# A public chapeau



## totallyfixed (26 Oct 2014)

To dr_pink of this manor who today came 9th in the National Hill Climb in a top field and despite having a bad week. Results this year:
National Hill Climb - 9th
National 100 mile - 5th
National 12 hour - 2nd
I am not sure if this has ever been done before by a woman. Fantastic achievement.


----------



## Rickshaw Phil (26 Oct 2014)

Chapeau @dr_pink.


----------



## screenman (26 Oct 2014)

Awesome, well done. Just in time to pack the road bikes away and do some cross.


----------



## ScotiaLass (26 Oct 2014)

Fantastic results!!!


----------



## PeteXXX (26 Oct 2014)

Chapeau indeed!!


----------



## coffeejo (26 Oct 2014)

Bloody brilliant.


----------



## Dayvo (26 Oct 2014)

coffeejo said:


> Bloody brilliant.



+1

CC has a 'serious' cyclist!


----------



## coffeejo (26 Oct 2014)

Dayvo said:


> +1
> 
> CC has a 'serious' cyclist!


From now on, she's only allowed on forum rides if she's on a Boris bike. With square wheels.


----------



## PeteXXX (26 Oct 2014)

coffeejo said:


> From now on, she's only allowed on forum rides if she's on a Boris bike. With square wheels.


And binding brakes....


----------



## Pat "5mph" (26 Oct 2014)

What a cyclist!
Great results @dr_pink pink! 
Are you gonna relax a wee bit now?


----------



## ColinJ (26 Oct 2014)

Congratulations @dr_pink! 

If I don't see you and totallyfixed again before then, see if you can make it oop north at the end of March again for a rerun of this year's Glasson Dock forum ride.


----------



## roadrash (26 Oct 2014)

well done, a truly fantastic set of results


----------



## totallyfixed (26 Oct 2014)

Pat "5mph" said:


> What a cyclist!
> Great results @dr_pink pink!
> Are you gonna relax a wee bit now?


You will have to excuse her absence as tonight she has consumed a whole glass of wine, a banana muffin, a piece of fudge and 2 squares of chocolate! Yes, she is going to relax now and maybe bring her weight to over the 50 kg mark. Plenty of easy fixed gear riding for the next few weeks until training starts again in January albeit gradually. Might even run a nice easy CC ride in November.


----------



## Voinar (27 Oct 2014)

Very impressive results - well done


----------



## phil_hg_uk (27 Oct 2014)

coffeejo said:


> From now on, she's only allowed on forum rides if she's on a Boris bike. With square wheels.

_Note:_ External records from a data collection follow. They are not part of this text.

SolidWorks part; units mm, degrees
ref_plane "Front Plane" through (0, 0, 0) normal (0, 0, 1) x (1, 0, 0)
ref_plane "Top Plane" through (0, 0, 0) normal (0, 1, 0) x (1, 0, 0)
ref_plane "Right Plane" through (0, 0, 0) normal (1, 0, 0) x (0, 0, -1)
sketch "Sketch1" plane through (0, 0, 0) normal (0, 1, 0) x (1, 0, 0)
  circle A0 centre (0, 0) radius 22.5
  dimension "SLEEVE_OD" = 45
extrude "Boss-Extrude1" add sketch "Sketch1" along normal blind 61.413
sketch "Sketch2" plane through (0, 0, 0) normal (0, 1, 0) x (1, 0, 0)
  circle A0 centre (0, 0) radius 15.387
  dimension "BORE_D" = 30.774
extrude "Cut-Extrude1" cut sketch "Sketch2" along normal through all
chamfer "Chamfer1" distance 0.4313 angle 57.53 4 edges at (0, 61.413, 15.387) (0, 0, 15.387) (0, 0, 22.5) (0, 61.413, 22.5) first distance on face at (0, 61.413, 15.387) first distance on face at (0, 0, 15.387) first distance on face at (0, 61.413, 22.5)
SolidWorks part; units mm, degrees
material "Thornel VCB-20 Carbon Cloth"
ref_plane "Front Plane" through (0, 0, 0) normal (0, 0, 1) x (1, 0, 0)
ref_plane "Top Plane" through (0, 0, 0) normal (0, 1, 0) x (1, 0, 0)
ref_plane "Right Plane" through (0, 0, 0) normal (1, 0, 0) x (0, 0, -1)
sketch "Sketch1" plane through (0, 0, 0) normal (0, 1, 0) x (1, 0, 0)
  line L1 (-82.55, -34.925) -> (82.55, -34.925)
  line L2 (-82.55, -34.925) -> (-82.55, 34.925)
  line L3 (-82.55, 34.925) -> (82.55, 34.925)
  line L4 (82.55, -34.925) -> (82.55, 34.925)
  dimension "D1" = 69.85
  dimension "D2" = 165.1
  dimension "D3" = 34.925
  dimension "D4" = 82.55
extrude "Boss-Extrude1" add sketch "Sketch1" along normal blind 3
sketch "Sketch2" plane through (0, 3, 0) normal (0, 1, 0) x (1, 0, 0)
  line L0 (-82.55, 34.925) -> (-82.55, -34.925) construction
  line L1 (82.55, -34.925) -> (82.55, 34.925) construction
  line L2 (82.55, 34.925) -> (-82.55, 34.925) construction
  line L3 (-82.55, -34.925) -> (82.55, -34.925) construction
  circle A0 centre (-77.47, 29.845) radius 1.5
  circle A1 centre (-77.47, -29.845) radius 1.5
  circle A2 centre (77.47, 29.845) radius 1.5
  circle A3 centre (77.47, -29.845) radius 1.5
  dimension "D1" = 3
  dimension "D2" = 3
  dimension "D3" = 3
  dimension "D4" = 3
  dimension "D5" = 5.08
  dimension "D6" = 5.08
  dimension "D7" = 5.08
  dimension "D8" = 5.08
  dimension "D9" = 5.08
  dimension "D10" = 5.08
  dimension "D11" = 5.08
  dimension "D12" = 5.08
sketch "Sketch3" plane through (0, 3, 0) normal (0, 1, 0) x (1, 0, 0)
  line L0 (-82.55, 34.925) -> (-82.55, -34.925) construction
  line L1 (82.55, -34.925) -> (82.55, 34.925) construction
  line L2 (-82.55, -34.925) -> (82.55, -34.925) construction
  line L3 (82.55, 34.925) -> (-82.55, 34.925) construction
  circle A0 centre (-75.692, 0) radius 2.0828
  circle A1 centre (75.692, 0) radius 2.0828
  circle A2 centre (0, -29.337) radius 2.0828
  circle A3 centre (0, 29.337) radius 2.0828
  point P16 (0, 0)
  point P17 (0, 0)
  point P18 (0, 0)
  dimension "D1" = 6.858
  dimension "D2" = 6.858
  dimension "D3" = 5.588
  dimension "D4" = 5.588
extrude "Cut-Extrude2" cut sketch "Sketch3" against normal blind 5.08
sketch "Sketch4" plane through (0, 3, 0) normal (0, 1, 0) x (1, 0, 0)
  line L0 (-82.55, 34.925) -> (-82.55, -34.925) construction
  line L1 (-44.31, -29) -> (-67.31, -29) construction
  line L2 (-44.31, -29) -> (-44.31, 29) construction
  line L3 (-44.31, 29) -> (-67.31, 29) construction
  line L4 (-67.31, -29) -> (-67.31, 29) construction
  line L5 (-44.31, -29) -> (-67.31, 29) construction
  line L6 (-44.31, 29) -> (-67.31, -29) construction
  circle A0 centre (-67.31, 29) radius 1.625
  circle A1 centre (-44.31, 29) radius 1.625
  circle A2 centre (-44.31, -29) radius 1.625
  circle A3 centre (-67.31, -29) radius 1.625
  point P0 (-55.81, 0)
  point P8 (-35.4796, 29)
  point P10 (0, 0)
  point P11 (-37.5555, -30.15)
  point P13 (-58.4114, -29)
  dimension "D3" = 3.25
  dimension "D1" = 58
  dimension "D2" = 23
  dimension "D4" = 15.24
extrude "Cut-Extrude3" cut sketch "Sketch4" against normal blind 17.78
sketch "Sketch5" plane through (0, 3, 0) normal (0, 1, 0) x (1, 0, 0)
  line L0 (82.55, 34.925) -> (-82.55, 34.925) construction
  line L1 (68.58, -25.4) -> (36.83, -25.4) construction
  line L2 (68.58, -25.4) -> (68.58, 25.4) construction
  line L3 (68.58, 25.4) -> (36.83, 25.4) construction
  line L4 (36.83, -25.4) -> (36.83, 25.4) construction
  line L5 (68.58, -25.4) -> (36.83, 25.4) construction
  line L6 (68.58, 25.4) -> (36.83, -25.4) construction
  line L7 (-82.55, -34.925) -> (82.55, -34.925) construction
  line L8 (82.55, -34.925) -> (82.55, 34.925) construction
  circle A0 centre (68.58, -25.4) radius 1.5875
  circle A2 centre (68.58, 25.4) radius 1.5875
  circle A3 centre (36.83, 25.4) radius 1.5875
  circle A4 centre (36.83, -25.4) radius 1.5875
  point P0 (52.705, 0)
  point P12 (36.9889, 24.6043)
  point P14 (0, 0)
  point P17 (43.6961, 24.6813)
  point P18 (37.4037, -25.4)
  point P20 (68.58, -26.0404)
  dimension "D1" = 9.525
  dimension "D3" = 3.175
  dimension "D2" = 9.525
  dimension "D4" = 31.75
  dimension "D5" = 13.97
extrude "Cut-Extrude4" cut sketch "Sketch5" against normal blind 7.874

I dont think that would slow her down that much, I was thinking more of one of these then we might stand a chance on the hills


----------



## oldroadman (27 Oct 2014)

Hmm, I think that this very classy rider might just hurt an old bloke like me quite a lot on the climbs - won't even mention against the clock. Very impressive, now a little winter break, keep the legs spinning, and onward to another excellent season, no doubt. The future is safe in the legs of talented and determined people.


----------



## totallyfixed (27 Oct 2014)

oldroadman said:


> Hmm, I think that this very classy rider might just hurt an old bloke like me quite a lot on the climbs - won't even mention against the clock. Very impressive, now a little winter break, keep the legs spinning, and onward to another excellent season, no doubt. The future is safe in the legs of talented and determined people.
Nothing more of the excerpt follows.